What you are asked to do:
Where the string "spsUniversalBridgeLib" appears in a line of the data, show that line.

Stored data:

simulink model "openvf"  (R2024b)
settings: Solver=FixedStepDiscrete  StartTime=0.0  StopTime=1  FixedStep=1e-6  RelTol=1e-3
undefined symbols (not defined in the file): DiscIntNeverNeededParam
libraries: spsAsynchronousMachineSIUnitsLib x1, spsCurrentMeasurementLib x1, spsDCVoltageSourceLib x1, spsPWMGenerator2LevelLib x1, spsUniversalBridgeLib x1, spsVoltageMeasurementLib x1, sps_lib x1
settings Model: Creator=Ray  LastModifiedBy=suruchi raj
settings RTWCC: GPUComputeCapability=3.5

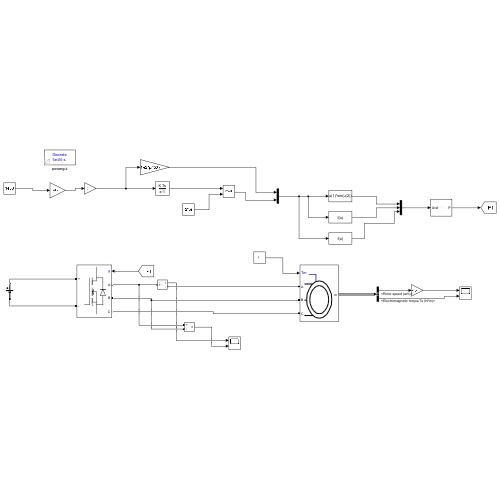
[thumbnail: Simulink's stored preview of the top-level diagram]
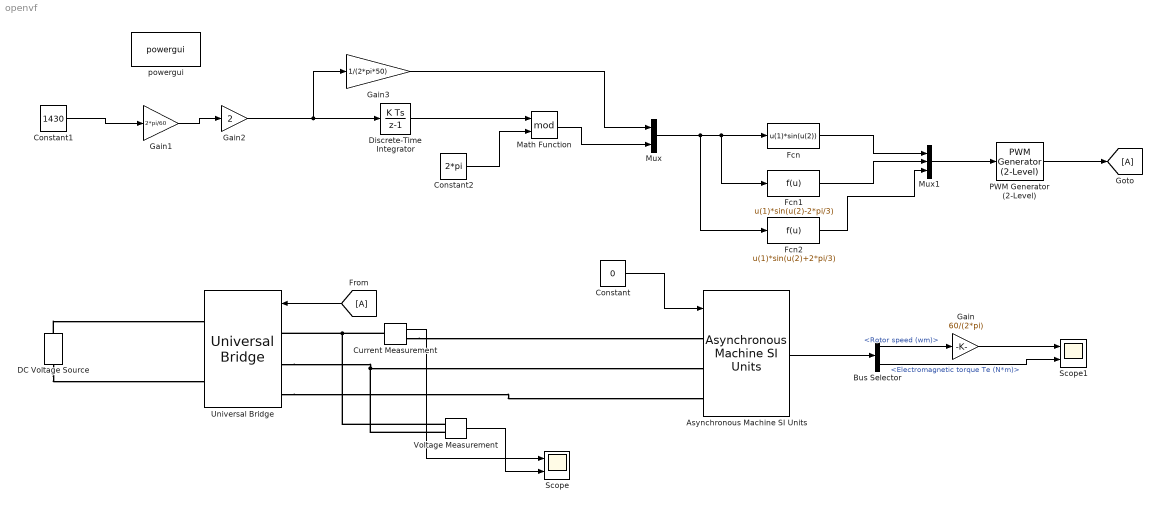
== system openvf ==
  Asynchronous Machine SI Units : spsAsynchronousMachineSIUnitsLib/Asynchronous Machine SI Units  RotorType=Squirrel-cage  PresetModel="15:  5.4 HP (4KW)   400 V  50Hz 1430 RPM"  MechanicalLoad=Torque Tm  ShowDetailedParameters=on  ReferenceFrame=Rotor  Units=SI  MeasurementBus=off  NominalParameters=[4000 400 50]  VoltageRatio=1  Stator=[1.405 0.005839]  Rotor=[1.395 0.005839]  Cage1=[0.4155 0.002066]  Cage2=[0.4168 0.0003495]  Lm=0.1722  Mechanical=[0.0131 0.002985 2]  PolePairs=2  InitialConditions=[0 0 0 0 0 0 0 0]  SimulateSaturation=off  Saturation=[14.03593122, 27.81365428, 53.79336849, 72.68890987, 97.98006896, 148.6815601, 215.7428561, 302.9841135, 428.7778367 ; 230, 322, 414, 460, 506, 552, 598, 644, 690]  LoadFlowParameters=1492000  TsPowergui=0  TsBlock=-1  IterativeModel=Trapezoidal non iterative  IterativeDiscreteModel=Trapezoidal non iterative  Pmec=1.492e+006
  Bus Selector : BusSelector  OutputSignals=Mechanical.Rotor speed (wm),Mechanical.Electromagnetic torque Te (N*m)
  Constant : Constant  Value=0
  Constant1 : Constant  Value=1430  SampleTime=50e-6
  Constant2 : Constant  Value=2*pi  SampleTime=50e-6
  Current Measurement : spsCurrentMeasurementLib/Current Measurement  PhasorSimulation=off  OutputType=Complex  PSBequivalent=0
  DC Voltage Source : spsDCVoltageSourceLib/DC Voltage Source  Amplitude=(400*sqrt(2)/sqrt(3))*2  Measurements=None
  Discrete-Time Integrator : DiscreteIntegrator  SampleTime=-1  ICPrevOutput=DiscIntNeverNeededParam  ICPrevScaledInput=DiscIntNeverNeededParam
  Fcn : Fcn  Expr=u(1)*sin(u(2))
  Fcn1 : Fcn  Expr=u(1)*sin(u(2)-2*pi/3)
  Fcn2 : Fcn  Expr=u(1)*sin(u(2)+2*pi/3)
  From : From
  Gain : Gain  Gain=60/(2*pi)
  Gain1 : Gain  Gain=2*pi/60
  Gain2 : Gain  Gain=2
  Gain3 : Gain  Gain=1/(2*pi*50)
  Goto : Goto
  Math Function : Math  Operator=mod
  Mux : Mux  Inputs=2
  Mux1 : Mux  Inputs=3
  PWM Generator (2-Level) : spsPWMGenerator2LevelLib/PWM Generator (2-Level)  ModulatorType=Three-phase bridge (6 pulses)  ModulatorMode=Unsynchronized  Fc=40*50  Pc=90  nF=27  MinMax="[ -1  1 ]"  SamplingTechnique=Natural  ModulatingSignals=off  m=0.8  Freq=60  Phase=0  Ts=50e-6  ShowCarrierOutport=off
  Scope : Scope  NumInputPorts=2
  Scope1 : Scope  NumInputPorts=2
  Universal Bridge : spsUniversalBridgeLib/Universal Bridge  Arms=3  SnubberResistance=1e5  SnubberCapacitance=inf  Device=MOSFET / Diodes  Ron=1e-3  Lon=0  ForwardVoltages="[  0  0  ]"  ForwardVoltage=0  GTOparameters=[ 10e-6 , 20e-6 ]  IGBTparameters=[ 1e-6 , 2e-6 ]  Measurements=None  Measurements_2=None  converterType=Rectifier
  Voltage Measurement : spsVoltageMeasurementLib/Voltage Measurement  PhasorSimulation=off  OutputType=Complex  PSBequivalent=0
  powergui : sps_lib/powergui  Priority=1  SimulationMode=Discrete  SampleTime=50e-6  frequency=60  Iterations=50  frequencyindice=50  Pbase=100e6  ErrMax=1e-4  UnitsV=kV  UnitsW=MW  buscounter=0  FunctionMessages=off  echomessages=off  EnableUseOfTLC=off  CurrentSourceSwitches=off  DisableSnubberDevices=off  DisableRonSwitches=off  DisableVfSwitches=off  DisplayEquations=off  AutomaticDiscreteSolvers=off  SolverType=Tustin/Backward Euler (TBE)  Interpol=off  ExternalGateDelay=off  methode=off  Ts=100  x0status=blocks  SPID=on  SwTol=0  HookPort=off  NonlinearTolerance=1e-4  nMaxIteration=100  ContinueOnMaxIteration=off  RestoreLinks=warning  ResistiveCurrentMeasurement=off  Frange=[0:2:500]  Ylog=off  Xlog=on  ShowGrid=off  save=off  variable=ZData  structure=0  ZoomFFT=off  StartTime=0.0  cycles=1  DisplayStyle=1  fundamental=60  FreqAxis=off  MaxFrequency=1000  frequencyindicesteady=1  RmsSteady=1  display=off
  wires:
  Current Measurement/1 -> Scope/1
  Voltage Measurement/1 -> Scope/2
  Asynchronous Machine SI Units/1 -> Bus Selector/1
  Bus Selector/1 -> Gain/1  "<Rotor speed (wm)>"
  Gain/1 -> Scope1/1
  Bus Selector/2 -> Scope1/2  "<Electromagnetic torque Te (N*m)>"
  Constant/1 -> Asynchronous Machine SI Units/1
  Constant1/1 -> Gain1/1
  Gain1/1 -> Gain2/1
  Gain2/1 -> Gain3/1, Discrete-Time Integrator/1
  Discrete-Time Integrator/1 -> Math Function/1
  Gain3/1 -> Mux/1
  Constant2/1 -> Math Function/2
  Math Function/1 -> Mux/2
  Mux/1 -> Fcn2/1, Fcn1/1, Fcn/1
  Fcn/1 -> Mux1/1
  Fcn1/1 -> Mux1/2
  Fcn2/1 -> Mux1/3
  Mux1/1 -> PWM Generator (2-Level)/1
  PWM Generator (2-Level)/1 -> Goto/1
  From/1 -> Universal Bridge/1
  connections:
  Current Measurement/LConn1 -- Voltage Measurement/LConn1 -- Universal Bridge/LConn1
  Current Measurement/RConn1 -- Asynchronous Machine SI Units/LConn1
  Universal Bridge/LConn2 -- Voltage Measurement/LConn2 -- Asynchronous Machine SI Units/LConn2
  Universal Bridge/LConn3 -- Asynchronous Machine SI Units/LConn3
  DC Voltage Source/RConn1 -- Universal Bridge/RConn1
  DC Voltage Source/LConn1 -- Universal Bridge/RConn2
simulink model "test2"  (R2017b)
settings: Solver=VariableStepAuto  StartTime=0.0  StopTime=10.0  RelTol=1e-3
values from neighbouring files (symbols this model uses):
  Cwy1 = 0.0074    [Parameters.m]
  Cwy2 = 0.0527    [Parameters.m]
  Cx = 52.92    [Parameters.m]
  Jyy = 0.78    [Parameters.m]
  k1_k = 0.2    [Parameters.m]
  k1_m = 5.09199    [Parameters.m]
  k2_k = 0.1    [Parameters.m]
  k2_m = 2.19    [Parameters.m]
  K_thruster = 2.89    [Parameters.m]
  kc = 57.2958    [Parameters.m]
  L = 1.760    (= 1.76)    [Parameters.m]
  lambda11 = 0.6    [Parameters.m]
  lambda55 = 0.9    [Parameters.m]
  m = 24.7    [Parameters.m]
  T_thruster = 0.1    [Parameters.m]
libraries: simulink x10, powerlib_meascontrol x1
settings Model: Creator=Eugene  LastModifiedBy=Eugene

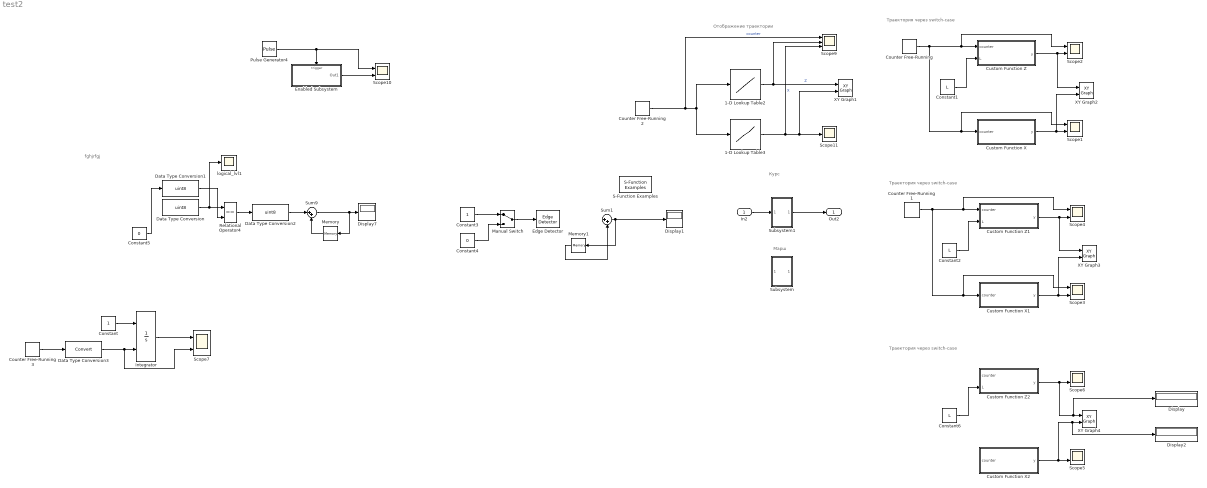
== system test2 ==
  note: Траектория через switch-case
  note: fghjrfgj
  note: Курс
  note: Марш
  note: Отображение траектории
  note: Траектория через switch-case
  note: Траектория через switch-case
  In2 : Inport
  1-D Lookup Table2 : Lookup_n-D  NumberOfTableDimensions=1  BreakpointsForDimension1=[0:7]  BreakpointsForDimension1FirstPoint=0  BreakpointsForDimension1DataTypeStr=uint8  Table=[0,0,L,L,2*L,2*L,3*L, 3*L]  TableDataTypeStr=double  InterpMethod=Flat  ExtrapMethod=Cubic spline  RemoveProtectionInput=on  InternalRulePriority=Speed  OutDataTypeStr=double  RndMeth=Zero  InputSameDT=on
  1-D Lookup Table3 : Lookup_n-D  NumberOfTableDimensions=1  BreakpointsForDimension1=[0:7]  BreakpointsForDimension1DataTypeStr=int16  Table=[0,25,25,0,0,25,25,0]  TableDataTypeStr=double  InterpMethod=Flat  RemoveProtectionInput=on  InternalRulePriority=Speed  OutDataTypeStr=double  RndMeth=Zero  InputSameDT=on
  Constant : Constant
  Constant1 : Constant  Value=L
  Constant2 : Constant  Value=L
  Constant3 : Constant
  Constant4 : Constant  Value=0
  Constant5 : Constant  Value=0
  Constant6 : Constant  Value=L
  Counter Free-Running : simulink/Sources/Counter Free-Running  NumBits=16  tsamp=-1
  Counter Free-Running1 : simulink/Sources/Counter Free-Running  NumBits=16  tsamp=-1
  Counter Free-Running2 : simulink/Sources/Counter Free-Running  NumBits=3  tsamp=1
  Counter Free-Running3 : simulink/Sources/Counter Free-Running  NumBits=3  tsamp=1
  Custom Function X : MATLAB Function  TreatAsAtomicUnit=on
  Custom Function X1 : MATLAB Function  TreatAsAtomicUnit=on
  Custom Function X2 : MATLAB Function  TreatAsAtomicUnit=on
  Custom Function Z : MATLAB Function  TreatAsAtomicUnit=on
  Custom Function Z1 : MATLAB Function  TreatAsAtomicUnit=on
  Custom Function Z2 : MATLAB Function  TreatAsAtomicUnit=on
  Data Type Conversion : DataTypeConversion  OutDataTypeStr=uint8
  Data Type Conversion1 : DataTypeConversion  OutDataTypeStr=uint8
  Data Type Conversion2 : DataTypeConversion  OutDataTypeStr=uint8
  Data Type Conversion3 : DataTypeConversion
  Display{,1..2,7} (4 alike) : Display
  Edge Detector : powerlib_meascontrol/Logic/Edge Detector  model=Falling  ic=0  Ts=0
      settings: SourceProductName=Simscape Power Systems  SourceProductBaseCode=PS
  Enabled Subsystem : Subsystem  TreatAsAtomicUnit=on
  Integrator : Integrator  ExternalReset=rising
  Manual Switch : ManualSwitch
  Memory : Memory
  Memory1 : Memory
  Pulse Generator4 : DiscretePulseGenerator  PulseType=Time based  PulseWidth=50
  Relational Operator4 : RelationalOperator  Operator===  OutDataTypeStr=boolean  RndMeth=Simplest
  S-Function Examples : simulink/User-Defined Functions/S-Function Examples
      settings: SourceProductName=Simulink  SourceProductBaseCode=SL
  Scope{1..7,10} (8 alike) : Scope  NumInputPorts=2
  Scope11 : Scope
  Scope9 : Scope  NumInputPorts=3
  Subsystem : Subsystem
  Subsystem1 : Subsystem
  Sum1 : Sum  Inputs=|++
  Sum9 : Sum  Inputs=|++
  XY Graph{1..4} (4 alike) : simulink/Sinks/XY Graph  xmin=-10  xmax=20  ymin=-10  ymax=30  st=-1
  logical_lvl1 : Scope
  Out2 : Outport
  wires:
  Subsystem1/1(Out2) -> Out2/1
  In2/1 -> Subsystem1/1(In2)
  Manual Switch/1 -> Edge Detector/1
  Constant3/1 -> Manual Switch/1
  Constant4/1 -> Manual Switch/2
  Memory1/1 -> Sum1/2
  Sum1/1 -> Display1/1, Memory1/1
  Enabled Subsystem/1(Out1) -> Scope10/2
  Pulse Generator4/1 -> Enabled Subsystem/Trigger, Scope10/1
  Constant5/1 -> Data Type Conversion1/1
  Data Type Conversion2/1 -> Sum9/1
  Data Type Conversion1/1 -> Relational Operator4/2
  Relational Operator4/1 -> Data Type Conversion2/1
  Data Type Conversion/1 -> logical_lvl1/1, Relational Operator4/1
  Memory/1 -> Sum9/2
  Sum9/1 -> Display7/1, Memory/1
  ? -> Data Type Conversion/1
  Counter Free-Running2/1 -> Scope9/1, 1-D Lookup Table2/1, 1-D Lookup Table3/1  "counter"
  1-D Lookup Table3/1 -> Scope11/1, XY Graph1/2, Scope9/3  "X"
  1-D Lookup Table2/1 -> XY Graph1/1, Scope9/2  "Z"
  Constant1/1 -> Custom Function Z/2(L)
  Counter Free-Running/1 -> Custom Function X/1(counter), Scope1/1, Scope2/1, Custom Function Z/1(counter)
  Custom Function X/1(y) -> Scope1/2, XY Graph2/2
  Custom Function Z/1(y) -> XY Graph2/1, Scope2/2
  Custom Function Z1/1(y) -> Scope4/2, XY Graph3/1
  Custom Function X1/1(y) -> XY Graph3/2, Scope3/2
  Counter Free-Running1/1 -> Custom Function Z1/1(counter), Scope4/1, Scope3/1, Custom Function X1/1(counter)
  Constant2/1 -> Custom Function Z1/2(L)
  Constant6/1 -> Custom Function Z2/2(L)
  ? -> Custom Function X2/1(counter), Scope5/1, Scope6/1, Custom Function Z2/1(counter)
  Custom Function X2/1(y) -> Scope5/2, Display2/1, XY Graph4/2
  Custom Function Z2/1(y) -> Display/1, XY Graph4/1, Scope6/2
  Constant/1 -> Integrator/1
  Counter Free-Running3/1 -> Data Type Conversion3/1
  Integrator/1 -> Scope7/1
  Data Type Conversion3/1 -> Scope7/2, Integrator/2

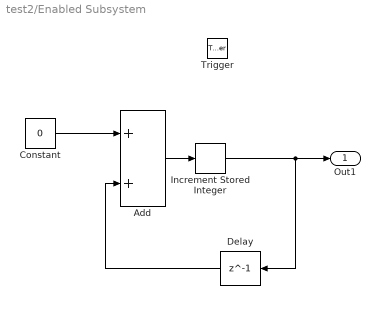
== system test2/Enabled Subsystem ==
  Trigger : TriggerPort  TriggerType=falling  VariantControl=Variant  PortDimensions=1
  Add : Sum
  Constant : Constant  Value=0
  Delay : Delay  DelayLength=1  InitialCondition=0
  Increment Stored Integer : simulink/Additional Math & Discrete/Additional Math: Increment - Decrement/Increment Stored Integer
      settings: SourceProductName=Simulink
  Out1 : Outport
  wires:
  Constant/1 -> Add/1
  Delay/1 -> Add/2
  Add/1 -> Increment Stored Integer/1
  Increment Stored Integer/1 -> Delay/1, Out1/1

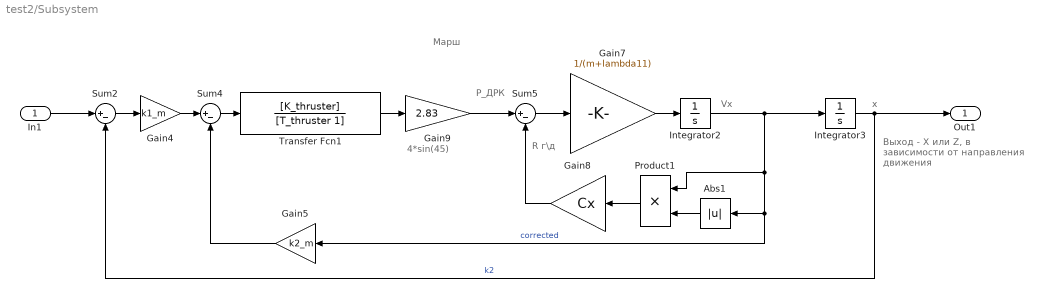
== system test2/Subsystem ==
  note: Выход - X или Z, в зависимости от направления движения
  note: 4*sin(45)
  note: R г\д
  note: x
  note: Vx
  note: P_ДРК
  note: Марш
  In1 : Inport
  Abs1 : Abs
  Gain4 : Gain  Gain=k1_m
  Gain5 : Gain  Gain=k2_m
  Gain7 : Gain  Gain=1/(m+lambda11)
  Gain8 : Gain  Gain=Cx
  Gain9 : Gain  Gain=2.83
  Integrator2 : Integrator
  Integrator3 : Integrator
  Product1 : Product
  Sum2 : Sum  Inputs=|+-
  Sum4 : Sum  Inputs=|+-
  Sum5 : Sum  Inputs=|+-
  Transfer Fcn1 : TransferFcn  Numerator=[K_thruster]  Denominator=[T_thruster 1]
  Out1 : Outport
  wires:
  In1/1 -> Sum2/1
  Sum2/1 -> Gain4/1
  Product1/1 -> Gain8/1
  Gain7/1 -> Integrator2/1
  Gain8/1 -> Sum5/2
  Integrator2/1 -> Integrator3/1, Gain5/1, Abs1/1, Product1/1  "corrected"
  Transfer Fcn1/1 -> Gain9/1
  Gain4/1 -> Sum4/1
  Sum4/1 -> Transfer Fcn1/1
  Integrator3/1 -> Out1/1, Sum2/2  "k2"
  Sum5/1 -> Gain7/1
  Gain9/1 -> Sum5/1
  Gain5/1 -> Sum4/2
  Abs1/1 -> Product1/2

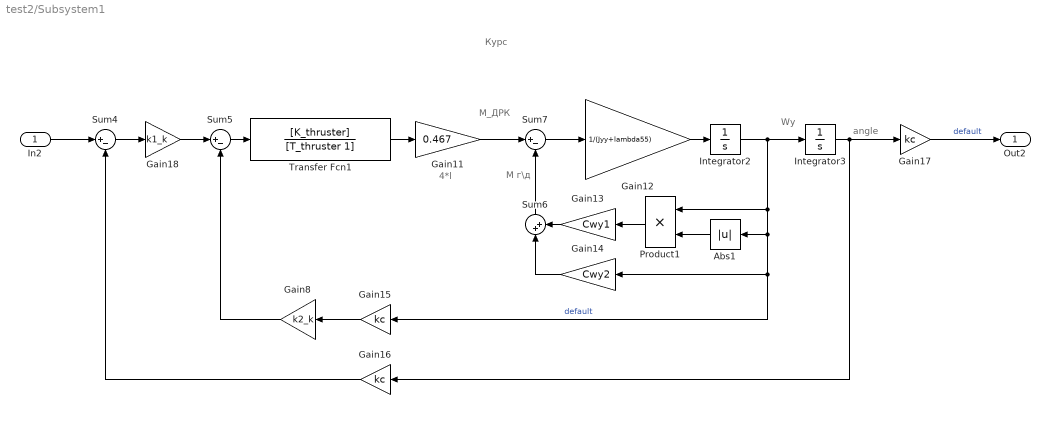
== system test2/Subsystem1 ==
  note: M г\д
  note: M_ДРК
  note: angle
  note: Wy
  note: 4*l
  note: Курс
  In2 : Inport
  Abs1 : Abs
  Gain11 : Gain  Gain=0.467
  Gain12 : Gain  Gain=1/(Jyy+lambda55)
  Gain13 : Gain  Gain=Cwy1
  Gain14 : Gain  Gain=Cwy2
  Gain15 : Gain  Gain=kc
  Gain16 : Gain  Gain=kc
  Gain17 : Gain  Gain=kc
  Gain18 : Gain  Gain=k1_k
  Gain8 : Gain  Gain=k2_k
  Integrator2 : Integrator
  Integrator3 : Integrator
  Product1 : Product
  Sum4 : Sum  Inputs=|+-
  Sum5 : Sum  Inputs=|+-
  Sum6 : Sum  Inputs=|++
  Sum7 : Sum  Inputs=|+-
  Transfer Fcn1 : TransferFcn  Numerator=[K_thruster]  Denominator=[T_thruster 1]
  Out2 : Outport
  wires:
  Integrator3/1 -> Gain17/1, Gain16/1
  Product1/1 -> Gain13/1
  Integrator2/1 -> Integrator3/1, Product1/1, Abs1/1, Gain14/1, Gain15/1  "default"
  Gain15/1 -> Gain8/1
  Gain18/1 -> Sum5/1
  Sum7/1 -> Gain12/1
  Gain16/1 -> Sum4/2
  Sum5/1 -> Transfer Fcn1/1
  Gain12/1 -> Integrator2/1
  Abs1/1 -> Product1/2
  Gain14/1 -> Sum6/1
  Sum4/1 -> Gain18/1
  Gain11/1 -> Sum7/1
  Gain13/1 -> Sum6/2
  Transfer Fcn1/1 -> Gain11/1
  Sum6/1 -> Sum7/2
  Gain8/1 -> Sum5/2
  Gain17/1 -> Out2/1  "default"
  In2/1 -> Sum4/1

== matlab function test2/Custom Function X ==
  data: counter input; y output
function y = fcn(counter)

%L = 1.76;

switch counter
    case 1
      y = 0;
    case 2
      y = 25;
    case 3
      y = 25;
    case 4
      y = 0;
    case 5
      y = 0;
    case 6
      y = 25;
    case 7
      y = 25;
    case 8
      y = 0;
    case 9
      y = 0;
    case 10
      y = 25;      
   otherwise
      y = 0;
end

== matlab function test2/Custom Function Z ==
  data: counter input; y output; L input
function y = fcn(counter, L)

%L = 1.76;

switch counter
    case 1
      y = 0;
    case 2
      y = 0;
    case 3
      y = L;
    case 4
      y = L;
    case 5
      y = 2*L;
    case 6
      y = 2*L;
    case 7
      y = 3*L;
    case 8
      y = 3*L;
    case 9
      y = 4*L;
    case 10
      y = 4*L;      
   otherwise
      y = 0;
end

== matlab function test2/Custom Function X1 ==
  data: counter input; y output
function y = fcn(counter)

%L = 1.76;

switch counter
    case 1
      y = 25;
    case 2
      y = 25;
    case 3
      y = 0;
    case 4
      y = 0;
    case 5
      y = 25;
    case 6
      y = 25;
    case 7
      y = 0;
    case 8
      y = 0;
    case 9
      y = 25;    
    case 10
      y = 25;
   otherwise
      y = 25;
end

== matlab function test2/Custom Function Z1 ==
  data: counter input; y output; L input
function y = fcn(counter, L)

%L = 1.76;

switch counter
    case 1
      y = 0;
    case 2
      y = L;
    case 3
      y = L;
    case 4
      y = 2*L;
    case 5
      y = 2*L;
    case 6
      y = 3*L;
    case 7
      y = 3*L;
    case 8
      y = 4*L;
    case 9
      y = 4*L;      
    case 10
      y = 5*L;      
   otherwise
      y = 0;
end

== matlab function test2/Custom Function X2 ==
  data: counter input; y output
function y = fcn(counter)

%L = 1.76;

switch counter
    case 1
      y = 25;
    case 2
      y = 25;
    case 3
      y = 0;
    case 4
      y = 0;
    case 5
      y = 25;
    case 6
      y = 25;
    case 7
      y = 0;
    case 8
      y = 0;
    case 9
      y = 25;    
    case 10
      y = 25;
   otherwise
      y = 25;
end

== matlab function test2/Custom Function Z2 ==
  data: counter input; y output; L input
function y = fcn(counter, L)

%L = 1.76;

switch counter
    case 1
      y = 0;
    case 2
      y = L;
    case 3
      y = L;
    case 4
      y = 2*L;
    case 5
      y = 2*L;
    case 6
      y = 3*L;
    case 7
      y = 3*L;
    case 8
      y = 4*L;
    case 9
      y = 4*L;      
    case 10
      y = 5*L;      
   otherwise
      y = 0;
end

Answer to the exercise:
libraries: spsAsynchronousMachineSIUnitsLib x1, spsCurrentMeasurementLib x1, spsDCVoltageSourceLib x1, spsPWMGenerator2LevelLib x1, spsUniversalBridgeLib x1, spsVoltageMeasurementLib x1, sps_lib x1
  Universal Bridge : spsUniversalBridgeLib/Universal Bridge  Arms=3  SnubberResistance=1e5  SnubberCapacitance=inf  Device=MOSFET / Diodes  Ron=1e-3  Lon=0  ForwardVoltages="[  0  0  ]"  ForwardVoltage=0  GTOparameters=[ 10e-6 , 20e-6 ]  IGBTparameters=[ 1e-6 , 2e-6 ]  Measurements=None  Measurements_2=None  converterType=Rectifier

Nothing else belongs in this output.